PROBLEM TO SOLVE »
Up to and including the line that holds "#23=PLANE('',#22);", copy every line of the records below exactly, starting at the first; leave pictures out.

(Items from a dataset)
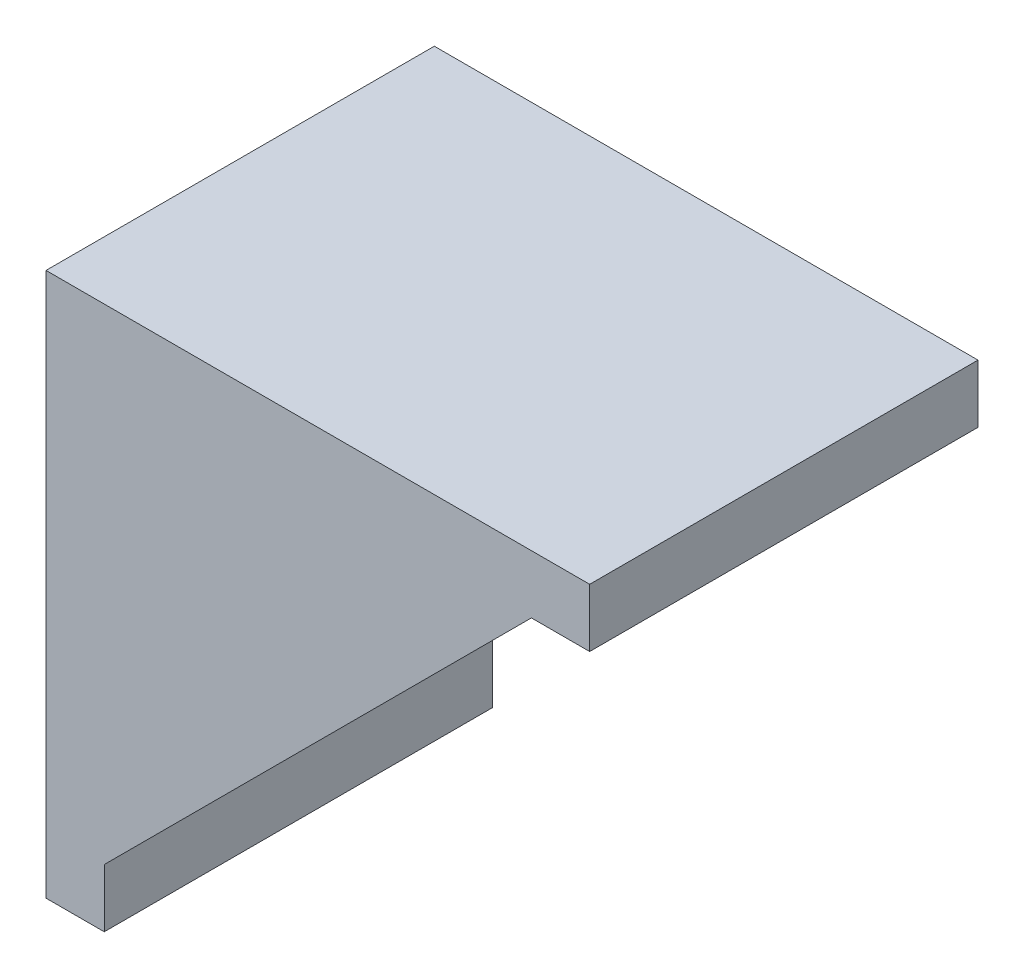
ISO-10303-21;
HEADER;
FILE_DESCRIPTION(('STEP AP214'),'2;1');
FILE_NAME('part.step','',(''),(''),'','','');
FILE_SCHEMA(('AUTOMOTIVE_DESIGN { 1 0 10303 214 1 1 1 1 }'));
ENDSEC;
DATA;
#1=APPLICATION_CONTEXT('core data for automotive mechanical design processes');
#2=APPLICATION_PROTOCOL_DEFINITION('international standard','automotive_design',2000,#1);
#3=PRODUCT_CONTEXT('',#1,'mechanical');
#4=PRODUCT('Part','Part','',(#3));
#5=PRODUCT_RELATED_PRODUCT_CATEGORY('part','',(#4));
#6=PRODUCT_DEFINITION_FORMATION('','',#4);
#7=PRODUCT_DEFINITION_CONTEXT('part definition',#1,'design');
#8=PRODUCT_DEFINITION('design','',#6,#7);
#9=PRODUCT_DEFINITION_SHAPE('','',#8);
#10=(LENGTH_UNIT() NAMED_UNIT(*) SI_UNIT(.MILLI.,.METRE.));
#11=(NAMED_UNIT(*) PLANE_ANGLE_UNIT() SI_UNIT($,.RADIAN.));
#12=(NAMED_UNIT(*) SI_UNIT($,.STERADIAN.) SOLID_ANGLE_UNIT());
#13=UNCERTAINTY_MEASURE_WITH_UNIT(LENGTH_MEASURE(1.E-05),#10,'distance_accuracy_value','');
#14=(GEOMETRIC_REPRESENTATION_CONTEXT(3) GLOBAL_UNCERTAINTY_ASSIGNED_CONTEXT((#13)) GLOBAL_UNIT_ASSIGNED_CONTEXT((#10,
#11,#12)) REPRESENTATION_CONTEXT('',''));
#15=CARTESIAN_POINT('',(0.,0.,0.));
#16=DIRECTION('',(0.,0.,1.));
#17=DIRECTION('',(1.,0.,0.));
#18=AXIS2_PLACEMENT_3D('',#15,#16,#17);
#19=CARTESIAN_POINT('',(-14.,14.,20.));
#20=DIRECTION('',(1.,0.,0.));
#21=DIRECTION('',(0.,1.,0.));
#22=AXIS2_PLACEMENT_3D('',#19,#20,#21);
#23=PLANE('',#22);
#24=DIRECTION('',(0.,-1.,0.));
#25=VECTOR('',#24,1.);
#26=CARTESIAN_POINT('',(-14.,14.,0.));
#27=LINE('',#26,#25);
#28=CARTESIAN_POINT('',(-14.,14.,0.));
#29=VERTEX_POINT('',#28);
#30=CARTESIAN_POINT('',(-14.,-14.,0.));
#31=VERTEX_POINT('',#30);
#32=EDGE_CURVE('E123',#29,#31,#27,.T.);
#33=ORIENTED_EDGE('',*,*,#32,.T.);
#34=DIRECTION('',(0.,0.,-1.));
#35=VECTOR('',#34,1.);
#36=CARTESIAN_POINT('',(-14.,-14.,20.));
#37=LINE('',#36,#35);
#38=CARTESIAN_POINT('',(-14.,-14.,20.));
#39=VERTEX_POINT('',#38);
#40=EDGE_CURVE('E11',#39,#31,#37,.T.);
#41=ORIENTED_EDGE('',*,*,#40,.F.);
#42=DIRECTION('',(0.,-1.,0.));
#43=VECTOR('',#42,1.);
#44=CARTESIAN_POINT('',(-14.,14.,20.));
#45=LINE('',#44,#43);
#46=CARTESIAN_POINT('',(-14.,14.,20.));
#47=VERTEX_POINT('',#46);
#48=EDGE_CURVE('E135',#47,#39,#45,.T.);
#49=ORIENTED_EDGE('',*,*,#48,.F.);
#50=DIRECTION('',(0.,0.,-1.));
#51=VECTOR('',#50,1.);
#52=CARTESIAN_POINT('',(-14.,14.,20.));
#53=LINE('',#52,#51);
#54=EDGE_CURVE('E119',#47,#29,#53,.T.);
#55=ORIENTED_EDGE('',*,*,#54,.T.);
#56=EDGE_LOOP('',(#33,#41,#49,#55));
#57=FACE_BOUND('',#56,.T.);
#58=ADVANCED_FACE('F33',(#57),#23,.F.);
#59=CARTESIAN_POINT('',(-14.,-14.,20.));
#60=DIRECTION('',(0.,1.,0.));
#61=DIRECTION('',(0.,0.,1.));
#62=AXIS2_PLACEMENT_3D('',#59,#60,#61);
#63=PLANE('',#62);
#64=DIRECTION('',(1.,0.,0.));
#65=VECTOR('',#64,1.);
#66=CARTESIAN_POINT('',(-14.,-14.,0.));
#67=LINE('',#66,#65);
#68=CARTESIAN_POINT('',(-11.,-14.,0.));
#69=VERTEX_POINT('',#68);
#70=EDGE_CURVE('E126',#31,#69,#67,.T.);
#71=ORIENTED_EDGE('',*,*,#70,.T.);
#72=DIRECTION('',(0.,0.,-1.));
#73=VECTOR('',#72,1.);
#74=CARTESIAN_POINT('',(-11.,-14.,20.));
#75=LINE('',#74,#73);
#76=CARTESIAN_POINT('',(-11.,-14.,20.));
#77=VERTEX_POINT('',#76);
#78=EDGE_CURVE('E41',#77,#69,#75,.T.);
#79=ORIENTED_EDGE('',*,*,#78,.F.);
#80=DIRECTION('',(1.,0.,0.));
#81=VECTOR('',#80,1.);
#82=CARTESIAN_POINT('',(-14.,-14.,20.));
#83=LINE('',#82,#81);
#84=EDGE_CURVE('E89',#39,#77,#83,.T.);
#85=ORIENTED_EDGE('',*,*,#84,.F.);
#86=ORIENTED_EDGE('',*,*,#40,.T.);
#87=EDGE_LOOP('',(#71,#79,#85,#86));
#88=FACE_BOUND('',#87,.T.);
#89=ADVANCED_FACE('F160',(#88),#63,.F.);
#90=CARTESIAN_POINT('',(-11.,-14.,20.));
#91=DIRECTION('',(-1.,0.,0.));
#92=DIRECTION('',(0.,0.,1.));
#93=AXIS2_PLACEMENT_3D('',#90,#91,#92);
#94=PLANE('',#93);
#95=DIRECTION('',(0.,1.,0.));
#96=VECTOR('',#95,1.);
#97=CARTESIAN_POINT('',(-11.,-14.,0.));
#98=LINE('',#97,#96);
#99=CARTESIAN_POINT('',(-11.,-11.,0.));
#100=VERTEX_POINT('',#99);
#101=EDGE_CURVE('E128',#69,#100,#98,.T.);
#102=ORIENTED_EDGE('',*,*,#101,.T.);
#103=DIRECTION('',(0.,0.,-1.));
#104=VECTOR('',#103,1.);
#105=CARTESIAN_POINT('',(-11.,-11.,20.));
#106=LINE('',#105,#104);
#107=CARTESIAN_POINT('',(-11.,-11.,20.));
#108=VERTEX_POINT('',#107);
#109=EDGE_CURVE('E139',#108,#100,#106,.T.);
#110=ORIENTED_EDGE('',*,*,#109,.F.);
#111=DIRECTION('',(0.,1.,0.));
#112=VECTOR('',#111,1.);
#113=CARTESIAN_POINT('',(-11.,-14.,20.));
#114=LINE('',#113,#112);
#115=EDGE_CURVE('E147',#77,#108,#114,.T.);
#116=ORIENTED_EDGE('',*,*,#115,.F.);
#117=ORIENTED_EDGE('',*,*,#78,.T.);
#118=EDGE_LOOP('',(#102,#110,#116,#117));
#119=FACE_BOUND('',#118,.T.);
#120=ADVANCED_FACE('F145',(#119),#94,.F.);
#121=CARTESIAN_POINT('',(-11.,-11.,20.));
#122=DIRECTION('',(-0.707106781186548,0.707106781186547,0.));
#123=DIRECTION('',(-0.707106781186547,-0.707106781186548,0.));
#124=AXIS2_PLACEMENT_3D('',#121,#122,#123);
#125=PLANE('',#124);
#126=DIRECTION('',(0.707106781186547,0.707106781186548,0.));
#127=VECTOR('',#126,1.);
#128=CARTESIAN_POINT('',(-11.,-11.,0.));
#129=LINE('',#128,#127);
#130=CARTESIAN_POINT('',(11.,11.,0.));
#131=VERTEX_POINT('',#130);
#132=EDGE_CURVE('E130',#100,#131,#129,.T.);
#133=ORIENTED_EDGE('',*,*,#132,.T.);
#134=DIRECTION('',(0.,0.,-1.));
#135=VECTOR('',#134,1.);
#136=CARTESIAN_POINT('',(11.,11.,20.));
#137=LINE('',#136,#135);
#138=CARTESIAN_POINT('',(11.,11.,20.));
#139=VERTEX_POINT('',#138);
#140=EDGE_CURVE('E114',#139,#131,#137,.T.);
#141=ORIENTED_EDGE('',*,*,#140,.F.);
#142=DIRECTION('',(0.707106781186547,0.707106781186548,0.));
#143=VECTOR('',#142,1.);
#144=CARTESIAN_POINT('',(-11.,-11.,20.));
#145=LINE('',#144,#143);
#146=EDGE_CURVE('E105',#108,#139,#145,.T.);
#147=ORIENTED_EDGE('',*,*,#146,.F.);
#148=ORIENTED_EDGE('',*,*,#109,.T.);
#149=EDGE_LOOP('',(#133,#141,#147,#148));
#150=FACE_BOUND('',#149,.T.);
#151=ADVANCED_FACE('F153',(#150),#125,.F.);
#152=CARTESIAN_POINT('',(14.,11.,20.));
#153=DIRECTION('',(0.,1.,0.));
#154=DIRECTION('',(0.,0.,1.));
#155=AXIS2_PLACEMENT_3D('',#152,#153,#154);
#156=PLANE('',#155);
#157=DIRECTION('',(1.,0.,0.));
#158=VECTOR('',#157,1.);
#159=CARTESIAN_POINT('',(14.,11.,0.));
#160=LINE('',#159,#158);
#161=CARTESIAN_POINT('',(14.,11.,0.));
#162=VERTEX_POINT('',#161);
#163=EDGE_CURVE('E113',#131,#162,#160,.T.);
#164=ORIENTED_EDGE('',*,*,#163,.T.);
#165=DIRECTION('',(0.,0.,-1.));
#166=VECTOR('',#165,1.);
#167=CARTESIAN_POINT('',(14.,11.,20.));
#168=LINE('',#167,#166);
#169=CARTESIAN_POINT('',(14.,11.,20.));
#170=VERTEX_POINT('',#169);
#171=EDGE_CURVE('E110',#170,#162,#168,.T.);
#172=ORIENTED_EDGE('',*,*,#171,.F.);
#173=DIRECTION('',(1.,0.,0.));
#174=VECTOR('',#173,1.);
#175=CARTESIAN_POINT('',(14.,11.,20.));
#176=LINE('',#175,#174);
#177=EDGE_CURVE('E99',#139,#170,#176,.T.);
#178=ORIENTED_EDGE('',*,*,#177,.F.);
#179=ORIENTED_EDGE('',*,*,#140,.T.);
#180=EDGE_LOOP('',(#164,#172,#178,#179));
#181=FACE_BOUND('',#180,.T.);
#182=ADVANCED_FACE('F111',(#181),#156,.F.);
#183=CARTESIAN_POINT('',(14.,14.,20.));
#184=DIRECTION('',(-1.,0.,0.));
#185=DIRECTION('',(0.,-1.,0.));
#186=AXIS2_PLACEMENT_3D('',#183,#184,#185);
#187=PLANE('',#186);
#188=DIRECTION('',(0.,1.,0.));
#189=VECTOR('',#188,1.);
#190=CARTESIAN_POINT('',(14.,14.,0.));
#191=LINE('',#190,#189);
#192=CARTESIAN_POINT('',(14.,14.,0.));
#193=VERTEX_POINT('',#192);
#194=EDGE_CURVE('E75',#162,#193,#191,.T.);
#195=ORIENTED_EDGE('',*,*,#194,.T.);
#196=DIRECTION('',(0.,0.,-1.));
#197=VECTOR('',#196,1.);
#198=CARTESIAN_POINT('',(14.,14.,20.));
#199=LINE('',#198,#197);
#200=CARTESIAN_POINT('',(14.,14.,20.));
#201=VERTEX_POINT('',#200);
#202=EDGE_CURVE('E115',#201,#193,#199,.T.);
#203=ORIENTED_EDGE('',*,*,#202,.F.);
#204=DIRECTION('',(0.,1.,0.));
#205=VECTOR('',#204,1.);
#206=CARTESIAN_POINT('',(14.,14.,20.));
#207=LINE('',#206,#205);
#208=EDGE_CURVE('E103',#170,#201,#207,.T.);
#209=ORIENTED_EDGE('',*,*,#208,.F.);
#210=ORIENTED_EDGE('',*,*,#171,.T.);
#211=EDGE_LOOP('',(#195,#203,#209,#210));
#212=FACE_BOUND('',#211,.T.);
#213=ADVANCED_FACE('F117',(#212),#187,.F.);
#214=CARTESIAN_POINT('',(-14.,14.,20.));
#215=DIRECTION('',(0.,-1.,0.));
#216=DIRECTION('',(0.,0.,-1.));
#217=AXIS2_PLACEMENT_3D('',#214,#215,#216);
#218=PLANE('',#217);
#219=DIRECTION('',(-1.,0.,0.));
#220=VECTOR('',#219,1.);
#221=CARTESIAN_POINT('',(-14.,14.,0.));
#222=LINE('',#221,#220);
#223=EDGE_CURVE('E81',#193,#29,#222,.T.);
#224=ORIENTED_EDGE('',*,*,#223,.T.);
#225=ORIENTED_EDGE('',*,*,#54,.F.);
#226=DIRECTION('',(-1.,0.,0.));
#227=VECTOR('',#226,1.);
#228=CARTESIAN_POINT('',(-14.,14.,20.));
#229=LINE('',#228,#227);
#230=EDGE_CURVE('E49',#201,#47,#229,.T.);
#231=ORIENTED_EDGE('',*,*,#230,.F.);
#232=ORIENTED_EDGE('',*,*,#202,.T.);
#233=EDGE_LOOP('',(#224,#225,#231,#232));
#234=FACE_BOUND('',#233,.T.);
#235=ADVANCED_FACE('F174',(#234),#218,.F.);
#236=CARTESIAN_POINT('',(0.,0.,20.));
#237=DIRECTION('',(0.,0.,1.));
#238=DIRECTION('',(1.,0.,0.));
#239=AXIS2_PLACEMENT_3D('',#236,#237,#238);
#240=PLANE('',#239);
#241=ORIENTED_EDGE('',*,*,#48,.T.);
#242=ORIENTED_EDGE('',*,*,#84,.T.);
#243=ORIENTED_EDGE('',*,*,#115,.T.);
#244=ORIENTED_EDGE('',*,*,#146,.T.);
#245=ORIENTED_EDGE('',*,*,#177,.T.);
#246=ORIENTED_EDGE('',*,*,#208,.T.);
#247=ORIENTED_EDGE('',*,*,#230,.T.);
#248=EDGE_LOOP('',(#241,#242,#243,#244,#245,#246,#247));
#249=FACE_BOUND('',#248,.T.);
#250=ADVANCED_FACE('F101',(#249),#240,.T.);
#251=CARTESIAN_POINT('',(0.,0.,0.));
#252=DIRECTION('',(0.,0.,1.));
#253=DIRECTION('',(1.,0.,0.));
#254=AXIS2_PLACEMENT_3D('',#251,#252,#253);
#255=PLANE('',#254);
#256=ORIENTED_EDGE('',*,*,#32,.F.);
#257=ORIENTED_EDGE('',*,*,#223,.F.);
#258=ORIENTED_EDGE('',*,*,#194,.F.);
#259=ORIENTED_EDGE('',*,*,#163,.F.);
#260=ORIENTED_EDGE('',*,*,#132,.F.);
#261=ORIENTED_EDGE('',*,*,#101,.F.);
#262=ORIENTED_EDGE('',*,*,#70,.F.);
#263=EDGE_LOOP('',(#256,#257,#258,#259,#260,#261,#262));
#264=FACE_BOUND('',#263,.T.);
#265=ADVANCED_FACE('F151',(#264),#255,.F.);
#266=CLOSED_SHELL('',(#58,#89,#120,#151,#182,#213,#235,#250,#265));
#267=MANIFOLD_SOLID_BREP('B2',#266);
#268=ADVANCED_BREP_SHAPE_REPRESENTATION('',(#18,#267),#14);
#269=SHAPE_DEFINITION_REPRESENTATION(#9,#268);
ENDSEC;
END-ISO-10303-21;

OUTPUT FOR THIS EXERCISE »
ISO-10303-21;
HEADER;
FILE_DESCRIPTION(('STEP AP214'),'2;1');
FILE_NAME('part.step','',(''),(''),'','','');
FILE_SCHEMA(('AUTOMOTIVE_DESIGN { 1 0 10303 214 1 1 1 1 }'));
ENDSEC;
DATA;
#1=APPLICATION_CONTEXT('core data for automotive mechanical design processes');
#2=APPLICATION_PROTOCOL_DEFINITION('international standard','automotive_design',2000,#1);
#3=PRODUCT_CONTEXT('',#1,'mechanical');
#4=PRODUCT('Part','Part','',(#3));
#5=PRODUCT_RELATED_PRODUCT_CATEGORY('part','',(#4));
#6=PRODUCT_DEFINITION_FORMATION('','',#4);
#7=PRODUCT_DEFINITION_CONTEXT('part definition',#1,'design');
#8=PRODUCT_DEFINITION('design','',#6,#7);
#9=PRODUCT_DEFINITION_SHAPE('','',#8);
#10=(LENGTH_UNIT() NAMED_UNIT(*) SI_UNIT(.MILLI.,.METRE.));
#11=(NAMED_UNIT(*) PLANE_ANGLE_UNIT() SI_UNIT($,.RADIAN.));
#12=(NAMED_UNIT(*) SI_UNIT($,.STERADIAN.) SOLID_ANGLE_UNIT());
#13=UNCERTAINTY_MEASURE_WITH_UNIT(LENGTH_MEASURE(1.E-05),#10,'distance_accuracy_value','');
#14=(GEOMETRIC_REPRESENTATION_CONTEXT(3) GLOBAL_UNCERTAINTY_ASSIGNED_CONTEXT((#13)) GLOBAL_UNIT_ASSIGNED_CONTEXT((#10,
#11,#12)) REPRESENTATION_CONTEXT('',''));
#15=CARTESIAN_POINT('',(0.,0.,0.));
#16=DIRECTION('',(0.,0.,1.));
#17=DIRECTION('',(1.,0.,0.));
#18=AXIS2_PLACEMENT_3D('',#15,#16,#17);
#19=CARTESIAN_POINT('',(-14.,14.,20.));
#20=DIRECTION('',(1.,0.,0.));
#21=DIRECTION('',(0.,1.,0.));
#22=AXIS2_PLACEMENT_3D('',#19,#20,#21);
#23=PLANE('',#22);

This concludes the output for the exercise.